Ein Auto kam Hannes Hempel in die Quere
Auf dem Weg zum "Ironman Austria" hatte Hannes Hempel (36) bei einem Unfall Glück im Unglück.

Foto © GEPAHannes Hempel
Zwar hatte Hannes Hempel den ersten Schreck schon überwunden. Aber er wusste, dass ziemlich viele Schutzengel dabei waren, als er mit seinem Rennrad zurück nach Klagenfurt unterwegs war. Bei Grafenstein hat er auf dem Radweg eine Querstraße übersehen. "Und den Nachrang", gibt Hempel etwas kleinlaut zu.
Hempel: "Nix gebrochen"
Das Auto, das ihm im nächsten Augenblick in die Quere kam, rammte er auf der Seite. "Gebrochen ist zum Glück nix", atmet Hempel auf. Dafür sind aber so ziemlich alle Knochen geprellt. Und am Oberschenkel musste er im Klagenfurter UKH mit ein paar Stichen zusammengeflickt werden. "Die Versorgung im UKH war exzellent. Trotzdem tut mir im Moment alles höllisch weh", sagt Hempel.

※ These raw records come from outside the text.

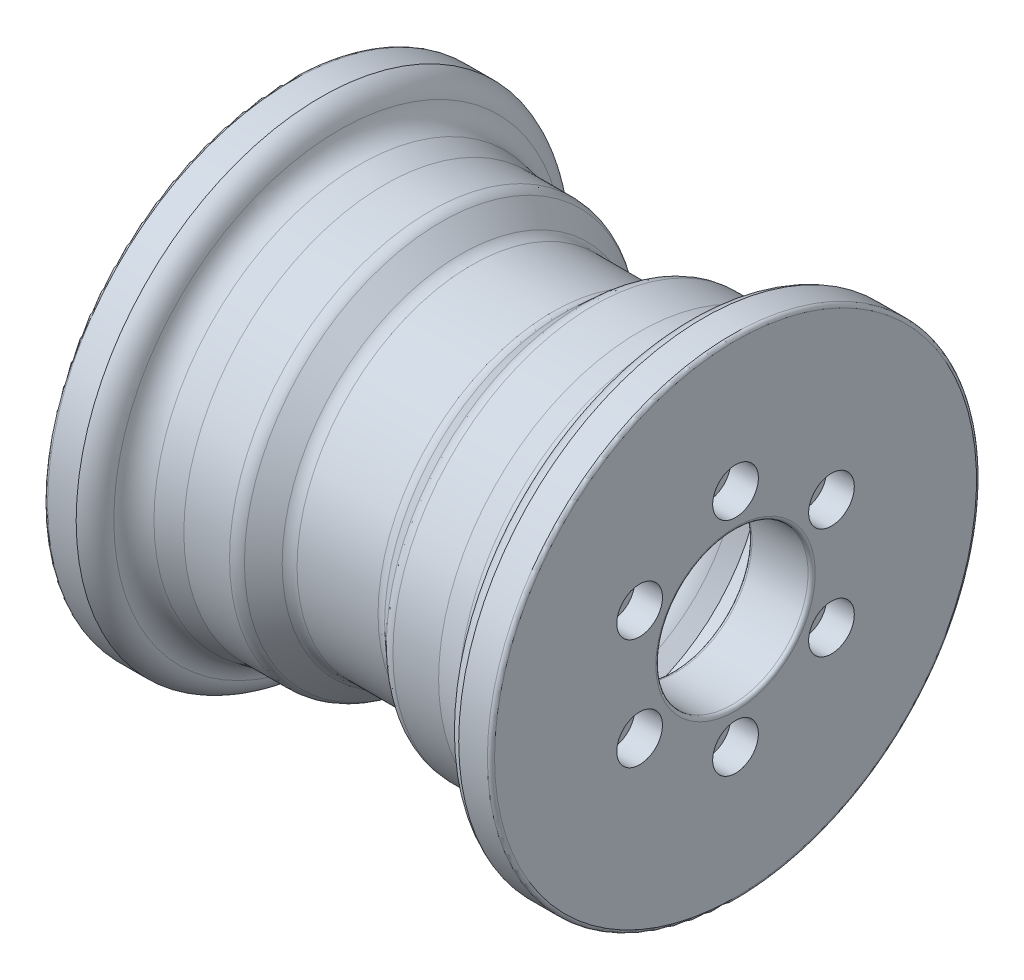
from build123d import *

# Parameters (mm, degrees)
CBORE_FOR_M20_SHCS1_D           = 18.206896552
CBORE_FOR_M20_SHCS1_CBORE_D     = 27.310344828
CBORE_FOR_M20_SHCS1_CBORE_DEPTH = 16.551724138
CIRPATTERN1_COUNT               = 6
MIRROR1_COPY_1_D                = 18.206896552
MIRROR1_COPY_1_CBORE_D          = 27.310344828
MIRROR1_COPY_1_CBORE_DEPTH      = 16.551724138
MIRROR1_COPY_2_D                = 18.206896552
MIRROR1_COPY_2_CBORE_D          = 27.310344828
MIRROR1_COPY_2_CBORE_DEPTH      = 16.551724138
MIRROR1_COPY_3_D                = 18.206896552
MIRROR1_COPY_3_CBORE_D          = 27.310344828
MIRROR1_COPY_3_CBORE_DEPTH      = 16.551724138
MIRROR1_COPY_4_D                = 18.206896552
MIRROR1_COPY_4_CBORE_D          = 27.310344828
MIRROR1_COPY_4_CBORE_DEPTH      = 16.551724138
MIRROR1_COPY_5_D                = 18.206896552
MIRROR1_COPY_5_CBORE_D          = 27.310344828
MIRROR1_COPY_5_CBORE_DEPTH      = 16.551724138


with BuildPart() as part:
    # Sketch1 → Revolve1 (revolve)
    with BuildSketch(Plane(origin=(0, 0, 0), x_dir=(1, 0, 0), z_dir=(0, 1, 0)), mode=Mode.PRIVATE) as revolve1_sk:
        with BuildLine():
            Line((-91.140136318, 122.861823714), (-76.137931034, 120))
            Line((-76.137931034, 120), (-48.827586207, 120))
            ThreePointArc((-48.827586207, 120), (-45.388993837, 119.357101751), (-42.414961507, 117.515263717))
            Line((-42.414961507, 117.515263717), (-30.620689655, 106.760598352))
            ThreePointArc((-30.620689655, 106.760598352), (-27.646657325, 104.918760318), (-24.208064955, 104.275862069))
            Line((-24.208064955, 104.275862069), (0, 104.275862069))
            Line((0, 104.275862069), (24.208064955, 104.275862069))
            ThreePointArc((24.208064955, 104.275862069), (27.646657325, 104.918760318), (30.620689655, 106.760598352))
            Line((30.620689655, 106.760598352), (42.414961507, 117.515263717))
            ThreePointArc((42.414961507, 117.515263717), (45.388993837, 119.357101751), (48.827586207, 120))
            Line((48.827586207, 120), (76.137931034, 120))
            Line((76.137931034, 120), (91.140136318, 122.861823714))
            ThreePointArc((91.140136318, 122.861823714), (99.015817993, 126.903243109), (103.45602139, 134.56118189))
            ThreePointArc((103.45602139, 134.56118189), (107.370018781, 141.795002418), (114.327272727, 146.181818182))
            Line((114.327272727, 146.181818182), (131.47012987, 146.181818182))
            ThreePointArc((131.47012987, 146.181818182), (132.985358687, 145.554189856), (133.612987013, 144.038961039))
            Line((133.612987013, 144.038961039), (133.612987013, 47.660098522))
            ThreePointArc((133.612987013, 47.660098522), (132.985358687, 46.144869705), (131.47012987, 45.517241379))
            Line((131.47012987, 45.517241379), (97.935219203, 45.517241379))
            ThreePointArc((97.935219203, 45.517241379), (96.419990386, 46.144869705), (95.79236206, 47.660098522))
            Line((95.79236206, 47.660098522), (95.79236206, 98.474002316))
            Line((95.79236206, 98.474002316), (78.484828912, 95.172413793))
            Line((78.484828912, 95.172413793), (54.759972878, 95.172413793))
            Line((54.759972878, 95.172413793), (47.349275828, 88.414932883))
            ThreePointArc((47.349275828, 88.414932883), (36.616898289, 81.768299979), (24.208064955, 79.448275862))
            Line((24.208064955, 79.448275862), (0, 79.448275862))
            Line((0, 79.448275862), (-24.208064955, 79.448275862))
            ThreePointArc((-24.208064955, 79.448275862), (-36.616898289, 81.768299979), (-47.349275828, 88.414932883))
            Line((-47.349275828, 88.414932883), (-54.759972878, 95.172413793))
            Line((-54.759972878, 95.172413793), (-78.484828912, 95.172413793))
            Line((-78.484828912, 95.172413793), (-95.79236206, 98.474002316))
            Line((-95.79236206, 98.474002316), (-95.79236206, 47.660098522))
            ThreePointArc((-95.79236206, 47.660098522), (-96.419990386, 46.144869705), (-97.935219203, 45.517241379))
            Line((-97.935219203, 45.517241379), (-131.47012987, 45.517241379))
            ThreePointArc((-131.47012987, 45.517241379), (-132.985358687, 46.144869705), (-133.612987013, 47.660098522))
            Line((-133.612987013, 47.660098522), (-133.612987013, 144.038961039))
            ThreePointArc((-133.612987013, 144.038961039), (-132.985358687, 145.554189856), (-131.47012987, 146.181818182))
            Line((-131.47012987, 146.181818182), (-114.327272727, 146.181818182))
            ThreePointArc((-114.327272727, 146.181818182), (-107.370018781, 141.795002418), (-103.45602139, 134.56118189))
            ThreePointArc((-103.45602139, 134.56118189), (-99.015817993, 126.903243109), (-91.140136318, 122.861823714))
        make_face()
    revolve(revolve1_sk.sketch.rotate(Axis((0, 0, 0), (1, 0, 0)), 180), axis=Axis((0, 0, 0), (1, 0, 0)))

    # CBORE for M20 SHCS1 (through all)
    with Locations(Plane.ZY.offset(133.612987013)):
        with Locations((0, 66.206896552)):
            cbore_for_m20_shcs1 = CounterBoreHole(CBORE_FOR_M20_SHCS1_D / 2, CBORE_FOR_M20_SHCS1_CBORE_D / 2, CBORE_FOR_M20_SHCS1_CBORE_DEPTH)

    # CirPattern1: CBORE for M20 SHCS1 ×6 about axis
    cirpattern1_axis = Axis((0, 0, 0), (1, 0, 0))
    for i in range(1, CIRPATTERN1_COUNT):
        add(cbore_for_m20_shcs1.rotate(cirpattern1_axis, i * 360 / CIRPATTERN1_COUNT), mode=Mode.SUBTRACT)

    # Mirror1: CBORE for M20 SHCS1 across plane
    add(cbore_for_m20_shcs1.mirror(Plane(origin=(0, 0, 0), x_dir=(0, 0, 1), z_dir=(1, 0, 0))), mode=Mode.SUBTRACT)

    # Mirror1 copy 1 (through all)
    with Locations(Plane(origin=(133.612987013, 0, 0), x_dir=(0, -0.8660254037844386, 0.5000000000000001), z_dir=(1, 0, 0))):
        with Locations((0, -66.206896552)):
            CounterBoreHole(MIRROR1_COPY_1_D / 2, MIRROR1_COPY_1_CBORE_D / 2, MIRROR1_COPY_1_CBORE_DEPTH)

    # Mirror1 copy 2 (through all)
    with Locations(Plane(origin=(133.612987013, 0, 0), x_dir=(0, -0.8660254037844387, -0.4999999999999998), z_dir=(1, 0, 0))):
        with Locations((0, -66.206896552)):
            CounterBoreHole(MIRROR1_COPY_2_D / 2, MIRROR1_COPY_2_CBORE_D / 2, MIRROR1_COPY_2_CBORE_DEPTH)

    # Mirror1 copy 3 (through all)
    with Locations(Plane(origin=(133.612987013, 0, 0), x_dir=(0, 0, -1), z_dir=(1, 0, 0))):
        with Locations((0, -66.206896552)):
            CounterBoreHole(MIRROR1_COPY_3_D / 2, MIRROR1_COPY_3_CBORE_D / 2, MIRROR1_COPY_3_CBORE_DEPTH)

    # Mirror1 copy 4 (through all)
    with Locations(Plane(origin=(133.612987013, 0, 0), x_dir=(0, 0.8660254037844384, -0.5000000000000004), z_dir=(1, 0, 0))):
        with Locations((0, -66.206896552)):
            CounterBoreHole(MIRROR1_COPY_4_D / 2, MIRROR1_COPY_4_CBORE_D / 2, MIRROR1_COPY_4_CBORE_DEPTH)

    # Mirror1 copy 5 (through all)
    with Locations(Plane(origin=(133.612987013, 0, 0), x_dir=(0, 0.8660254037844386, 0.5000000000000001), z_dir=(1, 0, 0))):
        with Locations((0, -66.206896552)):
            CounterBoreHole(MIRROR1_COPY_5_D / 2, MIRROR1_COPY_5_CBORE_D / 2, MIRROR1_COPY_5_CBORE_DEPTH)


solid = part.part

Und nächstes Wochenende sollte er beim Triathlon in St. Pölten über die halbe Ironman-Distanz an den Start gehen. Zwei, drei Tage wolle er sich jetzt einmal erholen, dann erst mit seinem Trainer abklären, wie sinnvoll das ist. "Sind die Schmerzen zu stark, werden wir neu planen."
Auf dem Weg zu "seinem" Ironman in Klagenfurt (4. Juli) lässt sich Hannes Hempel durch den Unfall aber nicht beirren. Die Form sei bereits super, im Laufen habe er sich stark verbessert. "Ich hab' mit dem Ironman noch eine Rechnung offen", sagt Hempel in Anspielung um das Dopingtheater des Vorjahres.